I am going to a trade show in Baltimore next week. The admission is 300.00, whether advance or at the door. There are no family or group admissions. That 300 is for each and every visitor.

Now who's greedy.


----------



## beegee

Tommy said:


> If I spend $30 on eating out, I will buy some real food.


Exactly. But you won't buy much real food for $30.00.

$30 for a 2-day meeting is nothing when it takes $80 to fill my truck's gas tank.
You can't buy college basketball tickets for $30, and you'll take home a lot more from a bee meeting.


----------



## Tommy

beegee,



When I commute, 1 meal at $15 is ok for me. You must eat more than I do.



For me $1 is two much.



I agree!


----------



## beegee

Well, anyway, the meeting was better than I expected, good information and over 380 in attendance. Kim Flottum from Bee Culture is a very interesting, knowledgeable and listenable speaker. Dr. Suazo gave some good stuff about SHB.

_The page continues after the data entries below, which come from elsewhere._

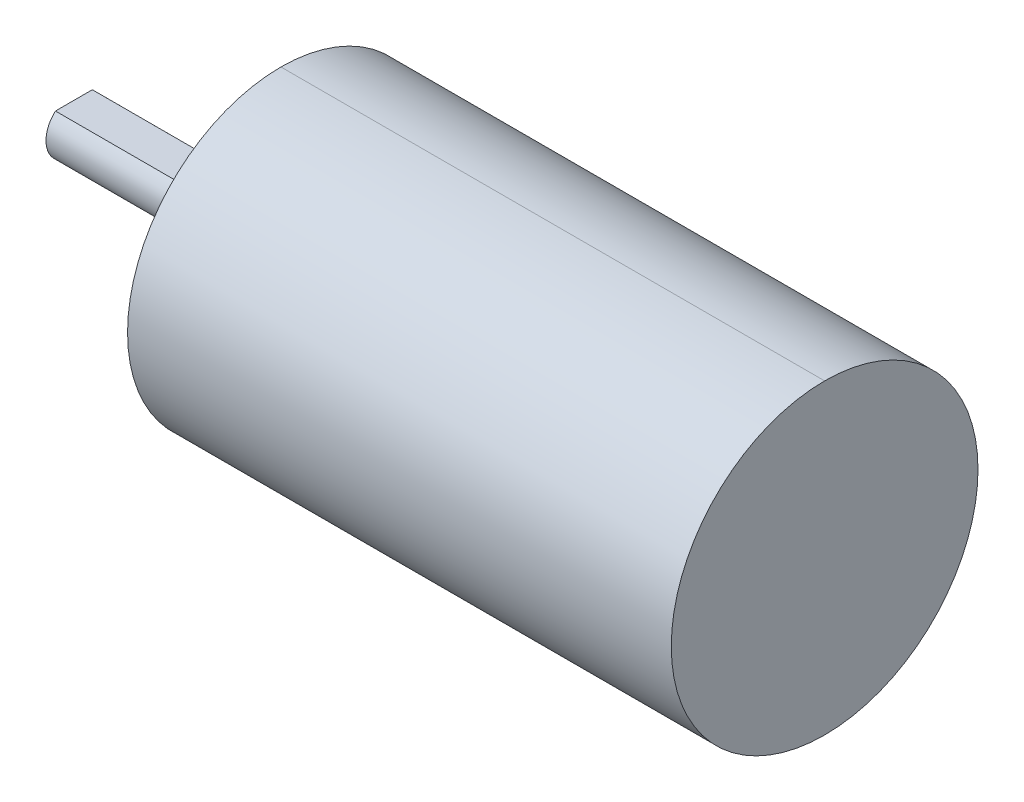
ISO-10303-21;
HEADER;
FILE_DESCRIPTION(('STEP AP214'),'2;1');
FILE_NAME('part.step','',(''),(''),'','','');
FILE_SCHEMA(('AUTOMOTIVE_DESIGN { 1 0 10303 214 1 1 1 1 }'));
ENDSEC;
DATA;
#1=APPLICATION_CONTEXT('core data for automotive mechanical design processes');
#2=APPLICATION_PROTOCOL_DEFINITION('international standard','automotive_design',2000,#1);
#3=PRODUCT_CONTEXT('',#1,'mechanical');
#4=PRODUCT('Part','Part','',(#3));
#5=PRODUCT_RELATED_PRODUCT_CATEGORY('part','',(#4));
#6=PRODUCT_DEFINITION_FORMATION('','',#4);
#7=PRODUCT_DEFINITION_CONTEXT('part definition',#1,'design');
#8=PRODUCT_DEFINITION('design','',#6,#7);
#9=PRODUCT_DEFINITION_SHAPE('','',#8);
#10=(LENGTH_UNIT() NAMED_UNIT(*) SI_UNIT(.MILLI.,.METRE.));
#11=(NAMED_UNIT(*) PLANE_ANGLE_UNIT() SI_UNIT($,.RADIAN.));
#12=(NAMED_UNIT(*) SI_UNIT($,.STERADIAN.) SOLID_ANGLE_UNIT());
#13=UNCERTAINTY_MEASURE_WITH_UNIT(LENGTH_MEASURE(1.E-05),#10,'distance_accuracy_value','');
#14=(GEOMETRIC_REPRESENTATION_CONTEXT(3) GLOBAL_UNCERTAINTY_ASSIGNED_CONTEXT((#13)) GLOBAL_UNIT_ASSIGNED_CONTEXT((#10,
#11,#12)) REPRESENTATION_CONTEXT('',''));
#15=CARTESIAN_POINT('',(0.,0.,0.));
#16=DIRECTION('',(0.,0.,1.));
#17=DIRECTION('',(1.,0.,0.));
#18=AXIS2_PLACEMENT_3D('',#15,#16,#17);
#19=CARTESIAN_POINT('',(21.15794106725,-3.5,6.062177826491));
#20=DIRECTION('',(-1.,0.,0.));
#21=DIRECTION('',(0.,-0.500000000000017,0.866025403784429));
#22=AXIS2_PLACEMENT_3D('',#19,#20,#21);
#23=CONICAL_SURFACE('',#22,0.5125,1.02974425867646);
#24=CARTESIAN_POINT('',(20.85,-3.5,6.062177826491));
#25=DIRECTION('',(-1.,0.,0.));
#26=DIRECTION('',(0.,-0.500000000000017,0.866025403784429));
#27=AXIS2_PLACEMENT_3D('',#24,#25,#26);
#28=CIRCLE('',#27,1.025);
#29=CARTESIAN_POINT('',(20.85,-4.0125,6.94985386537));
#30=VERTEX_POINT('',#29);
#31=CARTESIAN_POINT('',(20.85,-2.9875,5.174501787612));
#32=VERTEX_POINT('',#31);
#33=EDGE_CURVE('E247',#30,#32,#28,.T.);
#34=ORIENTED_EDGE('',*,*,#33,.T.);
#35=DIRECTION('',(-0.515038074910065,0.42858365035107,-0.742328657701349));
#36=VECTOR('',#35,1.);
#37=CARTESIAN_POINT('',(21.4658821345,-3.5,6.062177826491));
#38=LINE('',#37,#36);
#39=CARTESIAN_POINT('',(21.4658821345,-3.5,6.062177826491));
#40=VERTEX_POINT('',#39);
#41=EDGE_CURVE('E29',#40,#32,#38,.T.);
#42=ORIENTED_EDGE('',*,*,#41,.F.);
#43=DIRECTION('',(-0.515038074910065,-0.42858365035107,0.742328657701349));
#44=VECTOR('',#43,1.);
#45=CARTESIAN_POINT('',(21.4658821345,-3.5,6.062177826491));
#46=LINE('',#45,#44);
#47=EDGE_CURVE('E11',#40,#30,#46,.T.);
#48=ORIENTED_EDGE('',*,*,#47,.T.);
#49=EDGE_LOOP('',(#34,#42,#48));
#50=FACE_BOUND('',#49,.T.);
#51=ADVANCED_FACE('F17',(#50),#23,.F.);
#52=CARTESIAN_POINT('',(21.15794106725,-3.5,6.062177826491));
#53=DIRECTION('',(-1.,0.,0.));
#54=DIRECTION('',(0.,-0.500000000000017,0.866025403784429));
#55=AXIS2_PLACEMENT_3D('',#52,#53,#54);
#56=CONICAL_SURFACE('',#55,0.5125,1.02974425867646);
#57=ORIENTED_EDGE('',*,*,#41,.T.);
#58=CARTESIAN_POINT('',(20.85,-3.5,6.062177826491));
#59=DIRECTION('',(1.,0.,0.));
#60=DIRECTION('',(0.,-0.500000000000017,0.866025403784429));
#61=AXIS2_PLACEMENT_3D('',#58,#59,#60);
#62=CIRCLE('',#61,1.025);
#63=EDGE_CURVE('E218',#30,#32,#62,.T.);
#64=ORIENTED_EDGE('',*,*,#63,.F.);
#65=ORIENTED_EDGE('',*,*,#47,.F.);
#66=EDGE_LOOP('',(#57,#64,#65));
#67=FACE_BOUND('',#66,.T.);
#68=ADVANCED_FACE('F397',(#67),#56,.F.);
#69=CARTESIAN_POINT('',(21.79667624123,-3.5,6.062177826491));
#70=DIRECTION('',(-1.,0.,0.));
#71=DIRECTION('',(0.,-0.500000000000017,0.866025403784429));
#72=AXIS2_PLACEMENT_3D('',#69,#70,#71);
#73=CYLINDRICAL_SURFACE('',#72,1.025);
#74=DIRECTION('',(-1.,0.,0.));
#75=VECTOR('',#74,1.);
#76=CARTESIAN_POINT('',(20.85,-4.0125,6.94985386537));
#77=LINE('',#76,#75);
#78=CARTESIAN_POINT('',(14.85,-4.0125,6.94985386537));
#79=VERTEX_POINT('',#78);
#80=EDGE_CURVE('E244',#30,#79,#77,.T.);
#81=ORIENTED_EDGE('',*,*,#80,.F.);
#82=ORIENTED_EDGE('',*,*,#63,.T.);
#83=DIRECTION('',(-1.,0.,0.));
#84=VECTOR('',#83,1.);
#85=CARTESIAN_POINT('',(20.85,-2.9875,5.174501787612));
#86=LINE('',#85,#84);
#87=CARTESIAN_POINT('',(14.85,-2.9875,5.174501787612));
#88=VERTEX_POINT('',#87);
#89=EDGE_CURVE('E186',#32,#88,#86,.T.);
#90=ORIENTED_EDGE('',*,*,#89,.T.);
#91=CARTESIAN_POINT('',(14.85,-3.5,6.062177826491));
#92=DIRECTION('',(-1.,0.,0.));
#93=DIRECTION('',(0.,0.500000000000017,-0.866025403784429));
#94=AXIS2_PLACEMENT_3D('',#91,#92,#93);
#95=CIRCLE('',#94,1.025);
#96=EDGE_CURVE('E265',#88,#79,#95,.T.);
#97=ORIENTED_EDGE('',*,*,#96,.T.);
#98=EDGE_LOOP('',(#81,#82,#90,#97));
#99=FACE_BOUND('',#98,.T.);
#100=ADVANCED_FACE('F476',(#99),#73,.F.);
#101=CARTESIAN_POINT('',(21.79667624123,-3.5,6.062177826491));
#102=DIRECTION('',(-1.,0.,0.));
#103=DIRECTION('',(0.,-0.500000000000017,0.866025403784429));
#104=AXIS2_PLACEMENT_3D('',#101,#102,#103);
#105=CYLINDRICAL_SURFACE('',#104,1.025);
#106=ORIENTED_EDGE('',*,*,#89,.F.);
#107=ORIENTED_EDGE('',*,*,#33,.F.);
#108=ORIENTED_EDGE('',*,*,#80,.T.);
#109=CARTESIAN_POINT('',(14.85,-3.5,6.062177826491));
#110=DIRECTION('',(-1.,0.,0.));
#111=DIRECTION('',(0.,-0.500000000000017,0.866025403784429));
#112=AXIS2_PLACEMENT_3D('',#109,#110,#111);
#113=CIRCLE('',#112,1.025);
#114=EDGE_CURVE('E262',#79,#88,#113,.T.);
#115=ORIENTED_EDGE('',*,*,#114,.T.);
#116=EDGE_LOOP('',(#106,#107,#108,#115));
#117=FACE_BOUND('',#116,.T.);
#118=ADVANCED_FACE('F382',(#117),#105,.F.);
#119=CARTESIAN_POINT('',(21.15794106725,-3.5,-6.062177826491));
#120=DIRECTION('',(-1.,0.,0.));
#121=DIRECTION('',(0.,-0.500000000000017,-0.866025403784429));
#122=AXIS2_PLACEMENT_3D('',#119,#120,#121);
#123=CONICAL_SURFACE('',#122,0.5125,1.02974425867646);
#124=CARTESIAN_POINT('',(20.85,-3.5,-6.062177826491));
#125=DIRECTION('',(-1.,0.,0.));
#126=DIRECTION('',(0.,-0.500000000000017,-0.866025403784429));
#127=AXIS2_PLACEMENT_3D('',#124,#125,#126);
#128=CIRCLE('',#127,1.025);
#129=CARTESIAN_POINT('',(20.85,-4.0125,-6.94985386537));
#130=VERTEX_POINT('',#129);
#131=CARTESIAN_POINT('',(20.85,-2.9875,-5.174501787612));
#132=VERTEX_POINT('',#131);
#133=EDGE_CURVE('E190',#130,#132,#128,.T.);
#134=ORIENTED_EDGE('',*,*,#133,.T.);
#135=DIRECTION('',(-0.515038074910065,0.42858365035107,0.742328657701349));
#136=VECTOR('',#135,1.);
#137=CARTESIAN_POINT('',(21.4658821345,-3.5,-6.062177826491));
#138=LINE('',#137,#136);
#139=CARTESIAN_POINT('',(21.4658821345,-3.5,-6.062177826491));
#140=VERTEX_POINT('',#139);
#141=EDGE_CURVE('E179',#140,#132,#138,.T.);
#142=ORIENTED_EDGE('',*,*,#141,.F.);
#143=DIRECTION('',(-0.515038074910065,-0.42858365035107,-0.742328657701349));
#144=VECTOR('',#143,1.);
#145=CARTESIAN_POINT('',(21.4658821345,-3.5,-6.062177826491));
#146=LINE('',#145,#144);
#147=EDGE_CURVE('E176',#140,#130,#146,.T.);
#148=ORIENTED_EDGE('',*,*,#147,.T.);
#149=EDGE_LOOP('',(#134,#142,#148));
#150=FACE_BOUND('',#149,.T.);
#151=ADVANCED_FACE('F188',(#150),#123,.F.);
#152=CARTESIAN_POINT('',(21.15794106725,-3.5,-6.062177826491));
#153=DIRECTION('',(-1.,0.,0.));
#154=DIRECTION('',(0.,-0.500000000000017,-0.866025403784429));
#155=AXIS2_PLACEMENT_3D('',#152,#153,#154);
#156=CONICAL_SURFACE('',#155,0.5125,1.02974425867646);
#157=ORIENTED_EDGE('',*,*,#141,.T.);
#158=CARTESIAN_POINT('',(20.85,-3.5,-6.062177826491));
#159=DIRECTION('',(1.,0.,0.));
#160=DIRECTION('',(0.,-0.500000000000017,-0.866025403784429));
#161=AXIS2_PLACEMENT_3D('',#158,#159,#160);
#162=CIRCLE('',#161,1.025);
#163=EDGE_CURVE('E181',#130,#132,#162,.T.);
#164=ORIENTED_EDGE('',*,*,#163,.F.);
#165=ORIENTED_EDGE('',*,*,#147,.F.);
#166=EDGE_LOOP('',(#157,#164,#165));
#167=FACE_BOUND('',#166,.T.);
#168=ADVANCED_FACE('F178',(#167),#156,.F.);
#169=CARTESIAN_POINT('',(21.79667624123,-3.5,-6.062177826491));
#170=DIRECTION('',(-1.,0.,0.));
#171=DIRECTION('',(0.,-0.500000000000017,-0.866025403784429));
#172=AXIS2_PLACEMENT_3D('',#169,#170,#171);
#173=CYLINDRICAL_SURFACE('',#172,1.025);
#174=DIRECTION('',(-1.,0.,0.));
#175=VECTOR('',#174,1.);
#176=CARTESIAN_POINT('',(20.85,-4.0125,-6.94985386537));
#177=LINE('',#176,#175);
#178=CARTESIAN_POINT('',(14.85,-4.0125,-6.94985386537));
#179=VERTEX_POINT('',#178);
#180=EDGE_CURVE('E199',#130,#179,#177,.T.);
#181=ORIENTED_EDGE('',*,*,#180,.F.);
#182=ORIENTED_EDGE('',*,*,#163,.T.);
#183=DIRECTION('',(-1.,0.,0.));
#184=VECTOR('',#183,1.);
#185=CARTESIAN_POINT('',(20.85,-2.9875,-5.174501787612));
#186=LINE('',#185,#184);
#187=CARTESIAN_POINT('',(14.85,-2.9875,-5.174501787612));
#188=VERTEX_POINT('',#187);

Summer Meeting is at Pinehurst, Sand Hills Community College.


----------



## Tommy

beegee said:


> Summer Meeting is at Pinehurst, Sand Hills Community College.


See ya there.


----------



## R.L.Bee

*Summer meeting in the Sandhills*

Looks like the price for a ticket to the big show was right in line big turn out and lots of good information . Didn,t mean to get you fellows blood pressure to run up, just wanted to find out what the other assosiations were charging I,ll bee more carefull with my words next time,But I say to you in advance welcome to Moore county in July!


----------



## beegee

I went to engraving school at Troy last summer. Stayed with Wes Smith at the Inn at Eagle Springs.I'll say one thing for the area...there sure aren't many restaurants. Maybe closer to Pinehurst there will be some.


----------



## R.L.Bee

*places to eat*

Yes Bee Gee there are lots of places to eat in the Abeerdeen, Pinehurst, Southern Pines area.Anything from a dollar burger at a fast food place to a $200.00 dollar meal at the carolina hotel and every thing in between.


----------